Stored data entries

+--

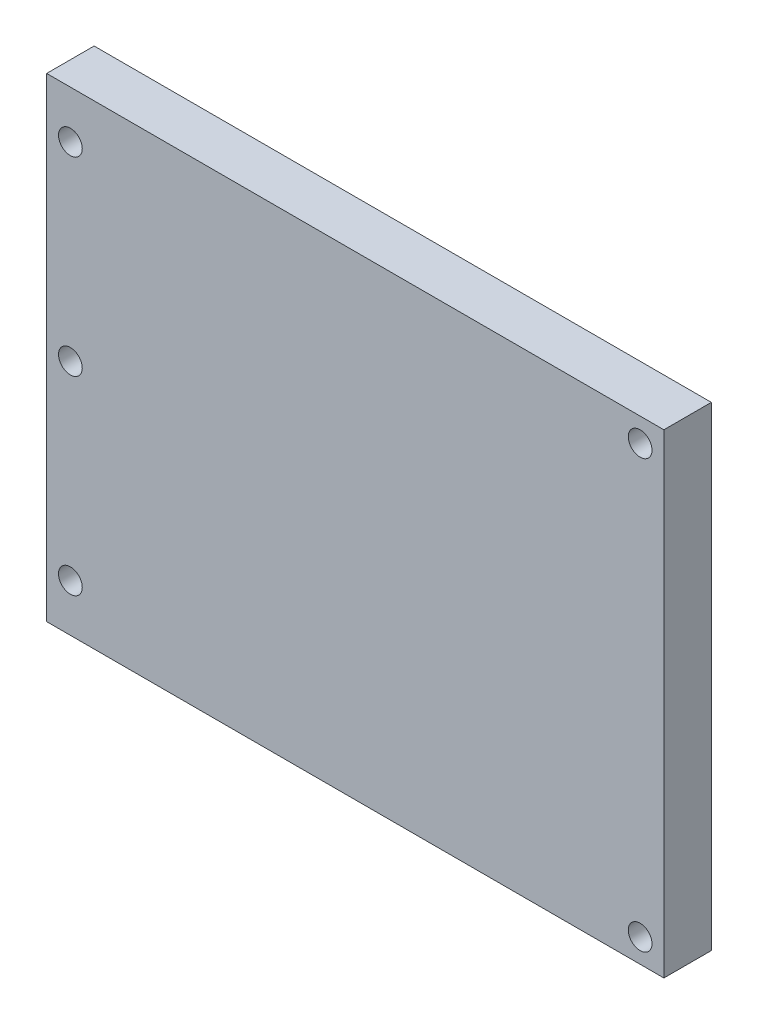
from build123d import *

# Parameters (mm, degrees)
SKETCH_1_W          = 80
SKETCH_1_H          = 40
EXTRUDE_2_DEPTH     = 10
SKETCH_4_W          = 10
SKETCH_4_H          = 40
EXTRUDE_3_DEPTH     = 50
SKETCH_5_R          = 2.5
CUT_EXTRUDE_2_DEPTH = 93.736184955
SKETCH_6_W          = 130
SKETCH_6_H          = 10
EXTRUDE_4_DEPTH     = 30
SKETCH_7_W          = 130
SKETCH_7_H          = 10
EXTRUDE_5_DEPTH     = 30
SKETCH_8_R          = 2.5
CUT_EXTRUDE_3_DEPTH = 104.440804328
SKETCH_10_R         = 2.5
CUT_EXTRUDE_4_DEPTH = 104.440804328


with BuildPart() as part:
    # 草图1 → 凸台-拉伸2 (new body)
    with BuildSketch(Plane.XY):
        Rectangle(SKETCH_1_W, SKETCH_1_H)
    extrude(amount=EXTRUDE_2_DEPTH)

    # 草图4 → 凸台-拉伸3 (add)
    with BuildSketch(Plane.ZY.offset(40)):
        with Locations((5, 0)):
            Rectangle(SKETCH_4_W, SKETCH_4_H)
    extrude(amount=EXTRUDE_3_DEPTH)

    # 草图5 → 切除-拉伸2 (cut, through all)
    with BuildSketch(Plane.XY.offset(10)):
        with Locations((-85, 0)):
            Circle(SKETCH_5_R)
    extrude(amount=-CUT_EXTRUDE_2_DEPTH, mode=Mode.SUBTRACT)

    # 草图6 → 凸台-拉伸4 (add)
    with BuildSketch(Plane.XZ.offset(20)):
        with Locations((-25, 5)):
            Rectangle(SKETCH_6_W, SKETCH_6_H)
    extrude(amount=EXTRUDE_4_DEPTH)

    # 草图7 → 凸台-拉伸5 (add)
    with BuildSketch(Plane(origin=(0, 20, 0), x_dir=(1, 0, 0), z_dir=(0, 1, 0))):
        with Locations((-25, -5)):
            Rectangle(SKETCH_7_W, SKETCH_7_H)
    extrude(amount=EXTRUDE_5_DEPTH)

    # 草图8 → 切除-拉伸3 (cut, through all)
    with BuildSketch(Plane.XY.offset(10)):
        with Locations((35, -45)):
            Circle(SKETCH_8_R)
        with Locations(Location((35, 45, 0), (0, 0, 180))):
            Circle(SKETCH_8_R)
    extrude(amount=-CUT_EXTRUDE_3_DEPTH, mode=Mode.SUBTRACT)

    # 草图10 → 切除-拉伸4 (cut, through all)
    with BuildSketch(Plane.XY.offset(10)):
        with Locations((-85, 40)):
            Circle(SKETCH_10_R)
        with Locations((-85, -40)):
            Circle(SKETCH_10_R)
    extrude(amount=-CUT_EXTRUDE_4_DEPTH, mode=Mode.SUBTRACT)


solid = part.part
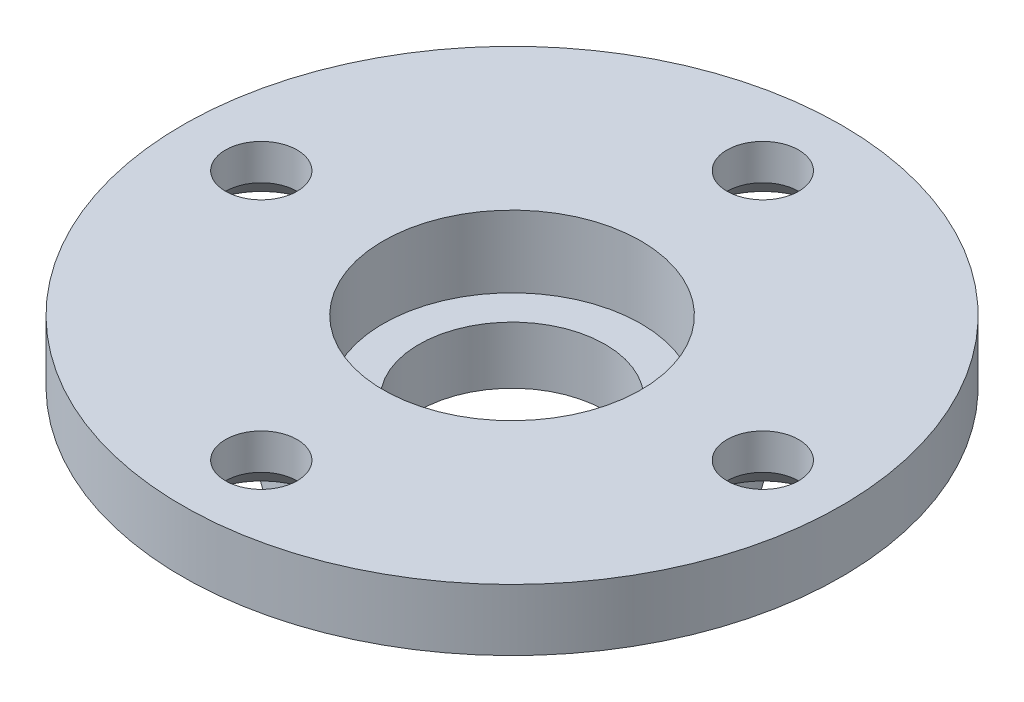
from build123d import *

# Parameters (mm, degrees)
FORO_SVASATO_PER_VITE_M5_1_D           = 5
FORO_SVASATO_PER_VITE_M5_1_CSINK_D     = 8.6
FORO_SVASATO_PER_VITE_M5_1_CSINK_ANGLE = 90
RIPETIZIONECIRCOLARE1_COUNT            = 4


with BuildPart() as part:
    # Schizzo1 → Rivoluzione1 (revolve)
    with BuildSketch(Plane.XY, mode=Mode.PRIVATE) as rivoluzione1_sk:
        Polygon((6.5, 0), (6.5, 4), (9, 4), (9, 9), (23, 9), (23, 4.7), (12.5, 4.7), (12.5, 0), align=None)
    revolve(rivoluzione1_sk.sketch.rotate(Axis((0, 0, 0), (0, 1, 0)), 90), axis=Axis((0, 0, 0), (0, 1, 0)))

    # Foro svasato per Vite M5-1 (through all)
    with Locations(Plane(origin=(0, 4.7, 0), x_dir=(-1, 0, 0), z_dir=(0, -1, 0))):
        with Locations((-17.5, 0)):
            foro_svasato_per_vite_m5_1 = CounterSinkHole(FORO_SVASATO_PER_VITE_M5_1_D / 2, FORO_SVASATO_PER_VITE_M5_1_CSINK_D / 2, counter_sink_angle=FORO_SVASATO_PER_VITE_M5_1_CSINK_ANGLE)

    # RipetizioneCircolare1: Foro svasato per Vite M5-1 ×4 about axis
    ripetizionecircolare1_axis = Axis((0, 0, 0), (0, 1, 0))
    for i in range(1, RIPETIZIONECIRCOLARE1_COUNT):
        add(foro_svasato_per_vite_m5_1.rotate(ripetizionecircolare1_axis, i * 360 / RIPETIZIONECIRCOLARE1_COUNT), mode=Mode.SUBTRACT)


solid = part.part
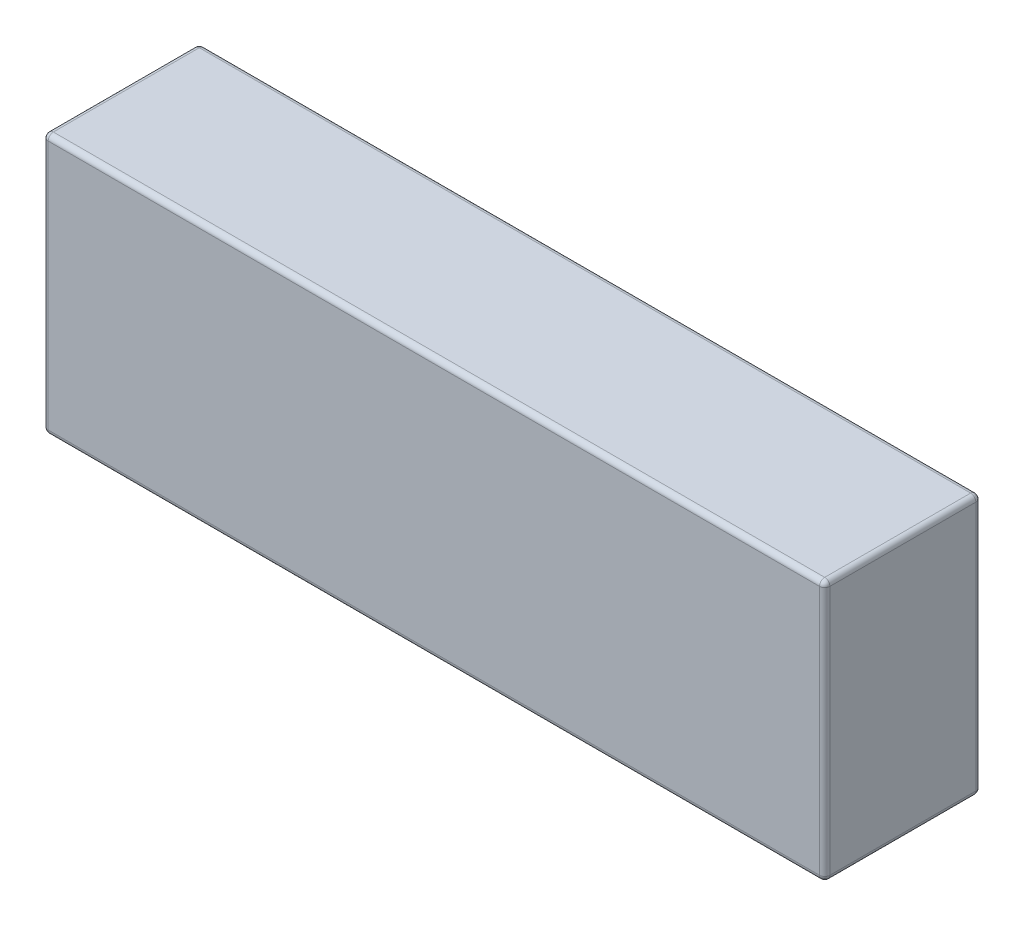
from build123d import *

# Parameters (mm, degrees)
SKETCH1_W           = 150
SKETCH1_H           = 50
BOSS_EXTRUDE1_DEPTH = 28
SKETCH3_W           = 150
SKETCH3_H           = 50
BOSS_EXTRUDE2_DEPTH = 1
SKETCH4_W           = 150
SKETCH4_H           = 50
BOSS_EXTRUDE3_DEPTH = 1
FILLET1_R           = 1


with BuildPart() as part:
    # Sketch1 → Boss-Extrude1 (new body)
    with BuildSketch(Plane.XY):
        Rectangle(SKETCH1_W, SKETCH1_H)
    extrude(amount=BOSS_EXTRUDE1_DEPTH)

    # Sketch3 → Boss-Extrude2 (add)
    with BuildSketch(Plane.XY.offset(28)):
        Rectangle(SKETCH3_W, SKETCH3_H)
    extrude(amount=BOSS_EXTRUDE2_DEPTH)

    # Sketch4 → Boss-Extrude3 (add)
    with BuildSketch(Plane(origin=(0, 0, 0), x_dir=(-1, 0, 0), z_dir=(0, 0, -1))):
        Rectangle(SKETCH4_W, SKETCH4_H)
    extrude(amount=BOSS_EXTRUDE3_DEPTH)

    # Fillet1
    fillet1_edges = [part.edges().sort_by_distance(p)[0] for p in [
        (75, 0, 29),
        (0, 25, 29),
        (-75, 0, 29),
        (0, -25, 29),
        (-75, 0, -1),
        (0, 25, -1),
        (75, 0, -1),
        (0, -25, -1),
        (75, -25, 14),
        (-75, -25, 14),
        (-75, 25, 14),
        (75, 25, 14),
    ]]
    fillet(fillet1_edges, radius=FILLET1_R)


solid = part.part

+--

--- EXERCISE AIM ---
Could you transcribe all of the data exactly, keeping every picture out of the copy?

--- EXERCISE RESPONSE ---
from build123d import *

# Parameters (mm, degrees)
SKETCH_1_W          = 80
SKETCH_1_H          = 40
EXTRUDE_2_DEPTH     = 10
SKETCH_4_W          = 10
SKETCH_4_H          = 40
EXTRUDE_3_DEPTH     = 50
SKETCH_5_R          = 2.5
CUT_EXTRUDE_2_DEPTH = 93.736184955
SKETCH_6_W          = 130
SKETCH_6_H          = 10
EXTRUDE_4_DEPTH     = 30
SKETCH_7_W          = 130
SKETCH_7_H          = 10
EXTRUDE_5_DEPTH     = 30
SKETCH_8_R          = 2.5
CUT_EXTRUDE_3_DEPTH = 104.440804328
SKETCH_10_R         = 2.5
CUT_EXTRUDE_4_DEPTH = 104.440804328


with BuildPart() as part:
    # 草图1 → 凸台-拉伸2 (new body)
    with BuildSketch(Plane.XY):
        Rectangle(SKETCH_1_W, SKETCH_1_H)
    extrude(amount=EXTRUDE_2_DEPTH)

    # 草图4 → 凸台-拉伸3 (add)
    with BuildSketch(Plane.ZY.offset(40)):
        with Locations((5, 0)):
            Rectangle(SKETCH_4_W, SKETCH_4_H)
    extrude(amount=EXTRUDE_3_DEPTH)

    # 草图5 → 切除-拉伸2 (cut, through all)
    with BuildSketch(Plane.XY.offset(10)):
        with Locations((-85, 0)):
            Circle(SKETCH_5_R)
    extrude(amount=-CUT_EXTRUDE_2_DEPTH, mode=Mode.SUBTRACT)

    # 草图6 → 凸台-拉伸4 (add)
    with BuildSketch(Plane.XZ.offset(20)):
        with Locations((-25, 5)):
            Rectangle(SKETCH_6_W, SKETCH_6_H)
    extrude(amount=EXTRUDE_4_DEPTH)

    # 草图7 → 凸台-拉伸5 (add)
    with BuildSketch(Plane(origin=(0, 20, 0), x_dir=(1, 0, 0), z_dir=(0, 1, 0))):
        with Locations((-25, -5)):
            Rectangle(SKETCH_7_W, SKETCH_7_H)
    extrude(amount=EXTRUDE_5_DEPTH)

    # 草图8 → 切除-拉伸3 (cut, through all)
    with BuildSketch(Plane.XY.offset(10)):
        with Locations((35, -45)):
            Circle(SKETCH_8_R)
        with Locations(Location((35, 45, 0), (0, 0, 180))):
            Circle(SKETCH_8_R)
    extrude(amount=-CUT_EXTRUDE_3_DEPTH, mode=Mode.SUBTRACT)

    # 草图10 → 切除-拉伸4 (cut, through all)
    with BuildSketch(Plane.XY.offset(10)):
        with Locations((-85, 40)):
            Circle(SKETCH_10_R)
        with Locations((-85, -40)):
            Circle(SKETCH_10_R)
    extrude(amount=-CUT_EXTRUDE_4_DEPTH, mode=Mode.SUBTRACT)


solid = part.part
from build123d import *

# Parameters (mm, degrees)
FORO_SVASATO_PER_VITE_M5_1_D           = 5
FORO_SVASATO_PER_VITE_M5_1_CSINK_D     = 8.6
FORO_SVASATO_PER_VITE_M5_1_CSINK_ANGLE = 90
RIPETIZIONECIRCOLARE1_COUNT            = 4


with BuildPart() as part:
    # Schizzo1 → Rivoluzione1 (revolve)
    with BuildSketch(Plane.XY, mode=Mode.PRIVATE) as rivoluzione1_sk:
        Polygon((6.5, 0), (6.5, 4), (9, 4), (9, 9), (23, 9), (23, 4.7), (12.5, 4.7), (12.5, 0), align=None)
    revolve(rivoluzione1_sk.sketch.rotate(Axis((0, 0, 0), (0, 1, 0)), 90), axis=Axis((0, 0, 0), (0, 1, 0)))

    # Foro svasato per Vite M5-1 (through all)
    with Locations(Plane(origin=(0, 4.7, 0), x_dir=(-1, 0, 0), z_dir=(0, -1, 0))):
        with Locations((-17.5, 0)):
            foro_svasato_per_vite_m5_1 = CounterSinkHole(FORO_SVASATO_PER_VITE_M5_1_D / 2, FORO_SVASATO_PER_VITE_M5_1_CSINK_D / 2, counter_sink_angle=FORO_SVASATO_PER_VITE_M5_1_CSINK_ANGLE)

    # RipetizioneCircolare1: Foro svasato per Vite M5-1 ×4 about axis
    ripetizionecircolare1_axis = Axis((0, 0, 0), (0, 1, 0))
    for i in range(1, RIPETIZIONECIRCOLARE1_COUNT):
        add(foro_svasato_per_vite_m5_1.rotate(ripetizionecircolare1_axis, i * 360 / RIPETIZIONECIRCOLARE1_COUNT), mode=Mode.SUBTRACT)


solid = part.part
from build123d import *

# Parameters (mm, degrees)
SKETCH1_W           = 150
SKETCH1_H           = 50
BOSS_EXTRUDE1_DEPTH = 28
SKETCH3_W           = 150
SKETCH3_H           = 50
BOSS_EXTRUDE2_DEPTH = 1
SKETCH4_W           = 150
SKETCH4_H           = 50
BOSS_EXTRUDE3_DEPTH = 1
FILLET1_R           = 1


with BuildPart() as part:
    # Sketch1 → Boss-Extrude1 (new body)
    with BuildSketch(Plane.XY):
        Rectangle(SKETCH1_W, SKETCH1_H)
    extrude(amount=BOSS_EXTRUDE1_DEPTH)

    # Sketch3 → Boss-Extrude2 (add)
    with BuildSketch(Plane.XY.offset(28)):
        Rectangle(SKETCH3_W, SKETCH3_H)
    extrude(amount=BOSS_EXTRUDE2_DEPTH)

    # Sketch4 → Boss-Extrude3 (add)
    with BuildSketch(Plane(origin=(0, 0, 0), x_dir=(-1, 0, 0), z_dir=(0, 0, -1))):
        Rectangle(SKETCH4_W, SKETCH4_H)
    extrude(amount=BOSS_EXTRUDE3_DEPTH)

    # Fillet1
    fillet1_edges = [part.edges().sort_by_distance(p)[0] for p in [
        (75, 0, 29),
        (0, 25, 29),
        (-75, 0, 29),
        (0, -25, 29),
        (-75, 0, -1),
        (0, 25, -1),
        (75, 0, -1),
        (0, -25, -1),
        (75, -25, 14),
        (-75, -25, 14),
        (-75, 25, 14),
        (75, 25, 14),
    ]]
    fillet(fillet1_edges, radius=FILLET1_R)


solid = part.part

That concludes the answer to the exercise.